> _WHAT THE TASK ASKS_:
Say how many lines below hold the word "ezdxf"; give the number by itself.

> _GIVEN RECORDS_:
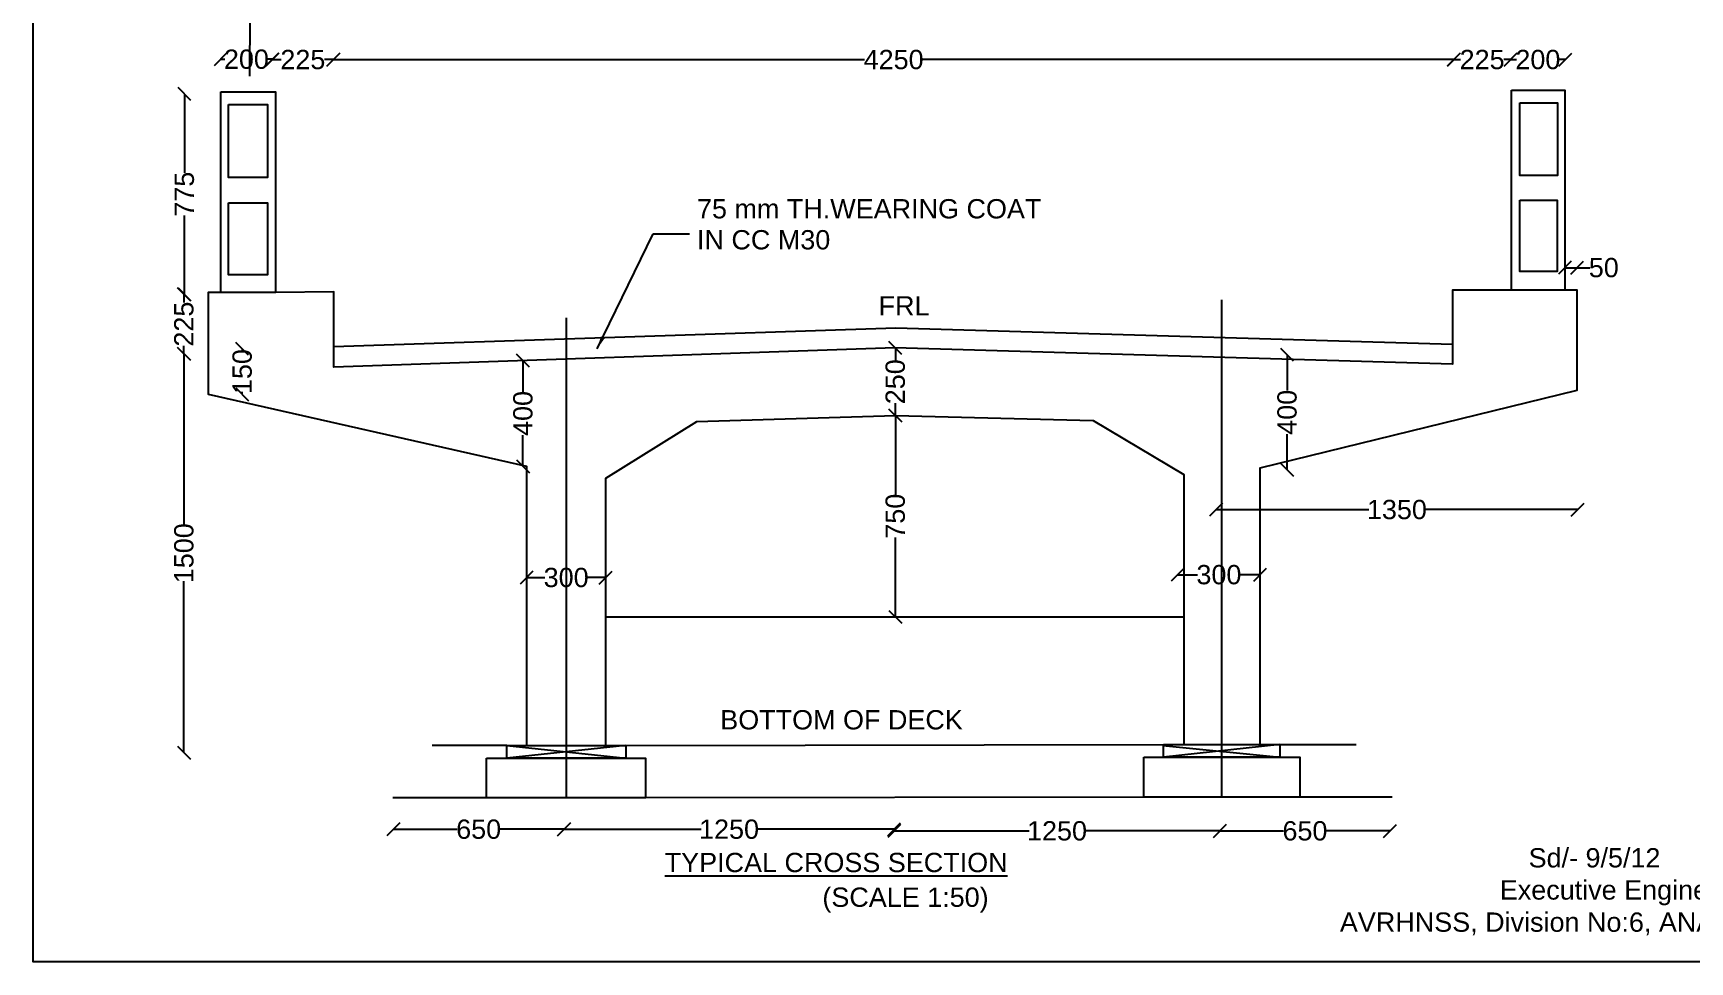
# Model space of a CAD drawing. Header units: millimetres. Extents: x 5124 to 10794325, y 2311 to 28379999.
# Drawn here: x 10780400 to 10786840, y 28369499 to 28373110 of the extents above; entities that cross this region are included whole.
import ezdxf

# ---------------------------------------------------------------- set-up
doc = ezdxf.new("R2010")
doc.units = ezdxf.units.MM
doc.header["$MEASUREMENT"] = 0
doc.linetypes.add('ACAD_ISO10W100', pattern=[18, 12, -3, 0, -3])
for name, color, linetype in [('DIMENSION', 7, 'Continuous'), ('DRAWING', 50, 'Continuous'), ('TEXT', 1, 'Continuous')]:
    doc.layers.add(name, color=color, linetype=linetype)
doc.styles.get("Standard").update_dxf_attribs({"font": 'arial.ttf', "height": 75})
doc.dimstyles.get("Standard").update_dxf_attribs({"dimtxt": 100, "dimasz": 50, "dimexe": 0.18, "dimexo": 0.0625, "dimgap": 0.09, "dimtad": 0, "dimdec": 0, "dimzin": 0, "dimdsep": 46, "dimtxsty": 'Standard', "dimblk": 'OBLIQUE', "dimcen": 0.09, "dimse1": 1, "dimse2": 1, "dimadec": 0, "dimazin": 0, "dimtfac": 1, "dimtdec": 0, "dimtofl": 0, "dimtmove": 0, "dimatfit": 3, "dimfxl": 1, "dimtolj": 1, "dimtzin": 0, "dimarcsym": 0})

# ---------------------------------------------------------------- blocks, each defined once
blk = doc.blocks.new('_Oblique')
at = {"color": 0, "linetype": 'ByBlock', "lineweight": -2}
blk.add_line((-0.5, -0.5), (0.5, 0.5), dxfattribs=at)
blk = doc.blocks.new('*D35')
at = {"layer": 'Defpoints', "color": 0, "transparency": 16777216}
for p in [(10781128.1, 28373006.4), (10781329.5, 28373007.7), (10781329.5, 28373006.4)]:
    blk.add_point(p, dxfattribs=at)
at = {"layer": 'DIMENSION', "color": 0, "lineweight": -2, "transparency": 16777216}
for p, q in [((10781128.1, 28373007.7), (10781145.3, 28373007.7)), ((10781329.5, 28373007.7), (10781312.2, 28373007.7))]:
    blk.add_line(p, q, dxfattribs=at)
at = {"layer": 'DIMENSION', "color": 0, "lineweight": -2, "transparency": 16777216, "xscale": 50, "yscale": 50, "zscale": 50, "rotation": 180}
blk.add_blockref('_Oblique', (10781128.1, 28373007.7), dxfattribs=at)
at = {"layer": 'DIMENSION', "color": 0, "lineweight": -2, "transparency": 16777216, "xscale": 50, "yscale": 50, "zscale": 50}
blk.add_blockref('_Oblique', (10781329.5, 28373007.7), dxfattribs=at)
at = {"layer": 'DIMENSION', "color": 0, "transparency": 16777216, "insert": (10781228.8, 28373007.7), "char_height": 75, "attachment_point": 5}
blk.add_mtext('\\A1;200', dxfattribs=at)
blk = doc.blocks.new('*D36')
at = {"layer": 'Defpoints', "color": 0, "transparency": 16777216}
for p in [(10781329.5, 28373006.4), (10781566.9, 28373006.4), (10781566.9, 28373006.4)]:
    blk.add_point(p, dxfattribs=at)
at = {"layer": 'DIMENSION', "color": 0, "lineweight": -2, "transparency": 16777216}
for p, q in [((10781329.5, 28373006.4), (10781364.3, 28373006.4)), ((10781566.9, 28373006.4), (10781532.1, 28373006.4))]:
    blk.add_line(p, q, dxfattribs=at)
at = {"layer": 'DIMENSION', "color": 0, "lineweight": -2, "transparency": 16777216, "xscale": 50, "yscale": 50, "zscale": 50, "rotation": 180}
blk.add_blockref('_Oblique', (10781329.5, 28373006.4), dxfattribs=at)
at = {"layer": 'DIMENSION', "color": 0, "lineweight": -2, "transparency": 16777216, "xscale": 50, "yscale": 50, "zscale": 50}
blk.add_blockref('_Oblique', (10781566.9, 28373006.4), dxfattribs=at)
at = {"layer": 'DIMENSION', "color": 0, "transparency": 16777216, "insert": (10781448.2, 28373006.4), "char_height": 75, "attachment_point": 5}
blk.add_mtext('\\A1;225', dxfattribs=at)
blk = doc.blocks.new('*D37')
at = {"layer": 'Defpoints', "color": 0, "transparency": 16777216}
for p in [(10781566.9, 28373006.4), (10785922.4, 28373006.4), (10785922.4, 28373006.4)]:
    blk.add_point(p, dxfattribs=at)
at = {"layer": 'DIMENSION', "color": 0, "lineweight": -2, "transparency": 16777216}
for p, q in [((10781566.9, 28373006.4), (10783631.2, 28373006.4)), ((10785922.4, 28373006.4), (10783858.1, 28373006.4))]:
    blk.add_line(p, q, dxfattribs=at)
at = {"layer": 'DIMENSION', "color": 0, "lineweight": -2, "transparency": 16777216, "xscale": 50, "yscale": 50, "zscale": 50, "rotation": 180}
blk.add_blockref('_Oblique', (10781566.9, 28373006.4), dxfattribs=at)
at = {"layer": 'DIMENSION', "color": 0, "lineweight": -2, "transparency": 16777216, "xscale": 50, "yscale": 50, "zscale": 50}
blk.add_blockref('_Oblique', (10785922.4, 28373006.4), dxfattribs=at)
at = {"layer": 'DIMENSION', "color": 0, "transparency": 16777216, "insert": (10783744.7, 28373006.4), "char_height": 75, "attachment_point": 5}
blk.add_mtext('\\A1;4250', dxfattribs=at)
blk = doc.blocks.new('*D38')
at = {"layer": 'Defpoints', "color": 0, "transparency": 16777216}
for p in [(10785922, 28373006.1), (10786142.3, 28373006.4), (10786142.3, 28373006.1)]:
    blk.add_point(p, dxfattribs=at)
at = {"layer": 'DIMENSION', "color": 0, "lineweight": -2, "transparency": 16777216}
for p, q in [((10785922, 28373006.4), (10785948.3, 28373006.4)), ((10786142.3, 28373006.4), (10786116, 28373006.4))]:
    blk.add_line(p, q, dxfattribs=at)
at = {"layer": 'DIMENSION', "color": 0, "lineweight": -2, "transparency": 16777216, "xscale": 50, "yscale": 50, "zscale": 50, "rotation": 180}
blk.add_blockref('_Oblique', (10785922, 28373006.4), dxfattribs=at)
at = {"layer": 'DIMENSION', "color": 0, "lineweight": -2, "transparency": 16777216, "xscale": 50, "yscale": 50, "zscale": 50}
blk.add_blockref('_Oblique', (10786142.3, 28373006.4), dxfattribs=at)
at = {"layer": 'DIMENSION', "color": 0, "transparency": 16777216, "insert": (10786032.2, 28373006.4), "char_height": 75, "attachment_point": 5}
blk.add_mtext('\\A1;225', dxfattribs=at)
blk = doc.blocks.new('*D39')
at = {"layer": 'Defpoints', "color": 0, "transparency": 16777216}
for p in [(10786142.3, 28373006.1), (10786355.4, 28373006.4), (10786355.4, 28373006.1)]:
    blk.add_point(p, dxfattribs=at)
at = {"layer": 'DIMENSION', "color": 0, "lineweight": -2, "transparency": 16777216}
for p, q in [((10786142.3, 28373006.4), (10786165.4, 28373006.4)), ((10786355.4, 28373006.4), (10786332.3, 28373006.4))]:
    blk.add_line(p, q, dxfattribs=at)
at = {"layer": 'DIMENSION', "color": 0, "lineweight": -2, "transparency": 16777216, "xscale": 50, "yscale": 50, "zscale": 50, "rotation": 180}
blk.add_blockref('_Oblique', (10786142.3, 28373006.4), dxfattribs=at)
at = {"layer": 'DIMENSION', "color": 0, "lineweight": -2, "transparency": 16777216, "xscale": 50, "yscale": 50, "zscale": 50}
blk.add_blockref('_Oblique', (10786355.4, 28373006.4), dxfattribs=at)
at = {"layer": 'DIMENSION', "color": 0, "transparency": 16777216, "insert": (10786248.9, 28373006.4), "char_height": 75, "attachment_point": 5}
blk.add_mtext('\\A1;200', dxfattribs=at)
blk = doc.blocks.new('*D40')
at = {"layer": 'Defpoints', "color": 0, "transparency": 16777216}
for p in [(10780985.9, 28372872.6), (10780985.9, 28372094.1), (10780987.9, 28372094.1)]:
    blk.add_point(p, dxfattribs=at)
at = {"layer": 'DIMENSION', "color": 0, "lineweight": -2, "transparency": 16777216}
for p, q in [((10780987.9, 28372872.6), (10780987.9, 28372566.3)), ((10780987.9, 28372094.1), (10780987.9, 28372400.4))]:
    blk.add_line(p, q, dxfattribs=at)
at = {"layer": 'DIMENSION', "color": 0, "lineweight": -2, "transparency": 16777216, "xscale": 50, "yscale": 50, "zscale": 50}
for p, rotation in [((10780987.9, 28372872.6), 90), ((10780987.9, 28372094.1), 270)]:
    blk.add_blockref('_Oblique', p, dxfattribs=dict(at, rotation=rotation))
at = {"layer": 'DIMENSION', "color": 0, "transparency": 16777216, "insert": (10780987.9, 28372483.4), "char_height": 75, "attachment_point": 5, "rotation": 90}
blk.add_mtext('\\A1;775', dxfattribs=at)
blk = doc.blocks.new('*D41')
at = {"layer": 'Defpoints', "color": 0, "transparency": 16777216}
for p in [(10780985.9, 28372094.1), (10780985.9, 28371862.7), (10780985.9, 28371862.7)]:
    blk.add_point(p, dxfattribs=at)
at = {"layer": 'DIMENSION', "color": 0, "lineweight": -2, "transparency": 16777216}
for p, q in [((10780985.9, 28372094.1), (10780985.9, 28372062.2)), ((10780985.9, 28371862.7), (10780985.9, 28371894.5))]:
    blk.add_line(p, q, dxfattribs=at)
at = {"layer": 'DIMENSION', "color": 0, "lineweight": -2, "transparency": 16777216, "xscale": 50, "yscale": 50, "zscale": 50}
for p, rotation in [((10780985.9, 28372094.1), 90), ((10780985.9, 28371862.7), 270)]:
    blk.add_blockref('_Oblique', p, dxfattribs=dict(at, rotation=rotation))
at = {"layer": 'DIMENSION', "color": 0, "transparency": 16777216, "insert": (10780985.9, 28371978.4), "char_height": 75, "attachment_point": 5, "rotation": 90}
blk.add_mtext('\\A1;225', dxfattribs=at)
blk = doc.blocks.new('*D42')
at = {"layer": 'Defpoints', "color": 0, "transparency": 16777216}
for p in [(10780985.9, 28371862.7), (10780985.9, 28370312.8), (10780985.9, 28370312.8)]:
    blk.add_point(p, dxfattribs=at)
at = {"layer": 'DIMENSION', "color": 0, "lineweight": -2, "transparency": 16777216}
for p, q in [((10780985.9, 28371862.7), (10780985.9, 28371196.1)), ((10780985.9, 28370312.8), (10780985.9, 28370979.3))]:
    blk.add_line(p, q, dxfattribs=at)
at = {"layer": 'DIMENSION', "color": 0, "lineweight": -2, "transparency": 16777216, "xscale": 50, "yscale": 50, "zscale": 50}
for p, rotation in [((10780985.9, 28371862.7), 90), ((10780985.9, 28370312.8), 270)]:
    blk.add_blockref('_Oblique', p, dxfattribs=dict(at, rotation=rotation))
at = {"layer": 'DIMENSION', "color": 0, "transparency": 16777216, "insert": (10780985.9, 28371087.7), "char_height": 75, "attachment_point": 5, "rotation": 90}
blk.add_mtext('\\A1;1500', dxfattribs=at)
blk = doc.blocks.new('*D43')
at = {"layer": 'Defpoints', "color": 0, "transparency": 16777216}
for p in [(10781080.6, 28371882.2), (10781212.5, 28371882.2), (10781080.6, 28371705.6)]:
    blk.add_point(p, dxfattribs=at)
at = {"layer": 'DIMENSION', "color": 0, "lineweight": -2, "transparency": 16777216}
for p, q in [((10781212.5, 28371882.2), (10781212.5, 28371873.2)), ((10781212.5, 28371705.6), (10781212.5, 28371714.6))]:
    blk.add_line(p, q, dxfattribs=at)
at = {"layer": 'DIMENSION', "color": 0, "lineweight": -2, "transparency": 16777216, "xscale": 50, "yscale": 50, "zscale": 50}
for p, rotation in [((10781212.5, 28371882.2), 90), ((10781212.5, 28371705.6), 270)]:
    blk.add_blockref('_Oblique', p, dxfattribs=dict(at, rotation=rotation))
at = {"layer": 'DIMENSION', "color": 0, "transparency": 16777216, "insert": (10781212.5, 28371793.9), "char_height": 75, "attachment_point": 5, "rotation": 90}
blk.add_mtext('\\A1;150', dxfattribs=at)
blk = doc.blocks.new('*D44')
at = {"layer": 'Defpoints', "color": 0, "transparency": 16777216}
for p in [(10782303.8, 28371836.2), (10782303.8, 28371836.2), (10782317.8, 28371425.8)]:
    blk.add_point(p, dxfattribs=at)
at = {"layer": 'DIMENSION', "color": 0, "lineweight": -2, "transparency": 16777216}
for p, q in [((10782303.8, 28371836.2), (10782303.8, 28371715.4)), ((10782303.8, 28371425.8), (10782303.8, 28371546.7))]:
    blk.add_line(p, q, dxfattribs=at)
at = {"layer": 'DIMENSION', "color": 0, "lineweight": -2, "transparency": 16777216, "xscale": 50, "yscale": 50, "zscale": 50}
for p, rotation in [((10782303.8, 28371836.2), 90), ((10782303.8, 28371425.8), 270)]:
    blk.add_blockref('_Oblique', p, dxfattribs=dict(at, rotation=rotation))
at = {"layer": 'DIMENSION', "color": 0, "transparency": 16777216, "insert": (10782303.8, 28371631), "char_height": 75, "attachment_point": 5, "rotation": 90}
blk.add_mtext('\\A1;400', dxfattribs=at)
blk = doc.blocks.new('*D45')
at = {"layer": 'Defpoints', "color": 0, "transparency": 16777216}
for p in [(10782317.8, 28370993), (10782625.5, 28370993), (10782625.5, 28370993)]:
    blk.add_point(p, dxfattribs=at)
at = {"layer": 'DIMENSION', "color": 0, "lineweight": -2, "transparency": 16777216}
for p, q in [((10782317.8, 28370993), (10782388.9, 28370993)), ((10782625.5, 28370993), (10782554.5, 28370993))]:
    blk.add_line(p, q, dxfattribs=at)
at = {"layer": 'DIMENSION', "color": 0, "lineweight": -2, "transparency": 16777216, "xscale": 50, "yscale": 50, "zscale": 50, "rotation": 180}
blk.add_blockref('_Oblique', (10782317.8, 28370993), dxfattribs=at)
at = {"layer": 'DIMENSION', "color": 0, "lineweight": -2, "transparency": 16777216, "xscale": 50, "yscale": 50, "zscale": 50}
blk.add_blockref('_Oblique', (10782625.5, 28370993), dxfattribs=at)
at = {"layer": 'DIMENSION', "color": 0, "transparency": 16777216, "insert": (10782471.7, 28370993), "char_height": 75, "attachment_point": 5}
blk.add_mtext('\\A1;300', dxfattribs=at)
blk = doc.blocks.new('*D46')
at = {"layer": 'Defpoints', "color": 0, "transparency": 16777216}
for p in [(10783749.9, 28371885.6), (10783751.3, 28371623.1), (10783751.3, 28371623.1)]:
    blk.add_point(p, dxfattribs=at)
at = {"layer": 'DIMENSION', "color": 0, "lineweight": -2, "transparency": 16777216}
for p, q in [((10783751.3, 28371885.6), (10783751.3, 28371837.8)), ((10783751.3, 28371623.1), (10783751.3, 28371670.9))]:
    blk.add_line(p, q, dxfattribs=at)
at = {"layer": 'DIMENSION', "color": 0, "lineweight": -2, "transparency": 16777216, "xscale": 50, "yscale": 50, "zscale": 50}
for p, rotation in [((10783751.3, 28371885.6), 90), ((10783751.3, 28371623.1), 270)]:
    blk.add_blockref('_Oblique', p, dxfattribs=dict(at, rotation=rotation))
at = {"layer": 'DIMENSION', "color": 0, "transparency": 16777216, "insert": (10783751.3, 28371754.3), "char_height": 75, "attachment_point": 5, "rotation": 90}
blk.add_mtext('\\A1;250', dxfattribs=at)
blk = doc.blocks.new('*D47')
at = {"layer": 'Defpoints', "color": 0, "transparency": 16777216}
for p in [(10783751.3, 28371623.1), (10783751.3, 28370840.4), (10783751.3, 28370840.4)]:
    blk.add_point(p, dxfattribs=at)
at = {"layer": 'DIMENSION', "color": 0, "lineweight": -2, "transparency": 16777216}
for p, q in [((10783751.3, 28371623.1), (10783751.3, 28371314.2)), ((10783751.3, 28370840.4), (10783751.3, 28371149.2))]:
    blk.add_line(p, q, dxfattribs=at)
at = {"layer": 'DIMENSION', "color": 0, "lineweight": -2, "transparency": 16777216, "xscale": 50, "yscale": 50, "zscale": 50}
for p, rotation in [((10783751.3, 28371623.1), 90), ((10783751.3, 28370840.4), 270)]:
    blk.add_blockref('_Oblique', p, dxfattribs=dict(at, rotation=rotation))
at = {"layer": 'DIMENSION', "color": 0, "transparency": 16777216, "insert": (10783751.3, 28371231.7), "char_height": 75, "attachment_point": 5, "rotation": 90}
blk.add_mtext('\\A1;750', dxfattribs=at)
blk = doc.blocks.new('*D48')
at = {"layer": 'Defpoints', "color": 0, "transparency": 16777216}
for p in [(10785274.2, 28371858.9), (10785275.5, 28371858.9), (10785275.5, 28371412)]:
    blk.add_point(p, dxfattribs=at)
at = {"layer": 'DIMENSION', "color": 0, "lineweight": -2, "transparency": 16777216}
for p, q in [((10785274.2, 28371858.9), (10785274.2, 28371719.8)), ((10785274.2, 28371412), (10785274.2, 28371551.1))]:
    blk.add_line(p, q, dxfattribs=at)
at = {"layer": 'DIMENSION', "color": 0, "lineweight": -2, "transparency": 16777216, "xscale": 50, "yscale": 50, "zscale": 50}
for p, rotation in [((10785274.2, 28371858.9), 90), ((10785274.2, 28371412), 270)]:
    blk.add_blockref('_Oblique', p, dxfattribs=dict(at, rotation=rotation))
at = {"layer": 'DIMENSION', "color": 0, "transparency": 16777216, "insert": (10785274.2, 28371635.5), "char_height": 75, "attachment_point": 5, "rotation": 90}
blk.add_mtext('\\A1;400', dxfattribs=at)
blk = doc.blocks.new('*D49')
at = {"layer": 'Defpoints', "color": 0, "transparency": 16777216}
for p in [(10786354, 28372197.6), (10786354, 28372110.9), (10786401.5, 28372110.9)]:
    blk.add_point(p, dxfattribs=at)
at = {"layer": 'DIMENSION', "color": 0, "lineweight": -2, "transparency": 16777216}
for p, q in [((10786354, 28372197.6), (10786401.5, 28372197.6)), ((10786401.5, 28372197.6), (10786451.5, 28372197.6))]:
    blk.add_line(p, q, dxfattribs=at)
at = {"layer": 'DIMENSION', "color": 0, "lineweight": -2, "transparency": 16777216, "xscale": 50, "yscale": 50, "zscale": 50, "rotation": 180}
blk.add_blockref('_Oblique', (10786354, 28372197.6), dxfattribs=at)
at = {"layer": 'DIMENSION', "color": 0, "lineweight": -2, "transparency": 16777216, "xscale": 50, "yscale": 50, "zscale": 50}
blk.add_blockref('_Oblique', (10786401.5, 28372197.6), dxfattribs=at)
at = {"layer": 'DIMENSION', "color": 0, "transparency": 16777216, "insert": (10786505.2, 28372197.6), "char_height": 75, "attachment_point": 5}
blk.add_mtext('\\A1;50', dxfattribs=at)
blk = doc.blocks.new('*D50')
at = {"layer": 'Defpoints', "color": 0, "transparency": 16777216}
for p in [(10784998.1, 28371261.2), (10786403.8, 28371261.2), (10786403.8, 28371257.2)]:
    blk.add_point(p, dxfattribs=at)
at = {"layer": 'DIMENSION', "color": 0, "lineweight": -2, "transparency": 16777216}
for p, q in [((10784998.1, 28371257.2), (10785592.5, 28371257.2)), ((10786403.8, 28371257.2), (10785809.4, 28371257.2))]:
    blk.add_line(p, q, dxfattribs=at)
at = {"layer": 'DIMENSION', "color": 0, "lineweight": -2, "transparency": 16777216, "xscale": 50, "yscale": 50, "zscale": 50, "rotation": 180}
blk.add_blockref('_Oblique', (10784998.1, 28371257.2), dxfattribs=at)
at = {"layer": 'DIMENSION', "color": 0, "lineweight": -2, "transparency": 16777216, "xscale": 50, "yscale": 50, "zscale": 50}
blk.add_blockref('_Oblique', (10786403.8, 28371257.2), dxfattribs=at)
at = {"layer": 'DIMENSION', "color": 0, "transparency": 16777216, "insert": (10785701, 28371257.2), "char_height": 75, "attachment_point": 5}
blk.add_mtext('\\A1;1350', dxfattribs=at)
blk = doc.blocks.new('*D51')
at = {"layer": 'Defpoints', "color": 0, "transparency": 16777216}
for p in [(10784849, 28371004), (10784849, 28371004), (10785169.3, 28371004)]:
    blk.add_point(p, dxfattribs=at)
at = {"layer": 'DIMENSION', "color": 0, "lineweight": -2, "transparency": 16777216}
for p, q in [((10784849, 28371004), (10784926.3, 28371004)), ((10785169.3, 28371004), (10785091.9, 28371004))]:
    blk.add_line(p, q, dxfattribs=at)
at = {"layer": 'DIMENSION', "color": 0, "lineweight": -2, "transparency": 16777216, "xscale": 50, "yscale": 50, "zscale": 50, "rotation": 180}
blk.add_blockref('_Oblique', (10784849, 28371004), dxfattribs=at)
at = {"layer": 'DIMENSION', "color": 0, "lineweight": -2, "transparency": 16777216, "xscale": 50, "yscale": 50, "zscale": 50}
blk.add_blockref('_Oblique', (10785169.3, 28371004), dxfattribs=at)
at = {"layer": 'DIMENSION', "color": 0, "transparency": 16777216, "insert": (10785009.1, 28371004), "char_height": 75, "attachment_point": 5}
blk.add_mtext('\\A1;300', dxfattribs=at)
blk = doc.blocks.new('*D52')
at = {"layer": 'Defpoints', "color": 0, "transparency": 16777216}
for p in [(10781799.9, 28369987.9), (10782463.2, 28370014.5), (10782463.2, 28369987.9)]:
    blk.add_point(p, dxfattribs=at)
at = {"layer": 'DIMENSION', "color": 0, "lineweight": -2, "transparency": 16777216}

> _WRITTEN SOLUTION_:
3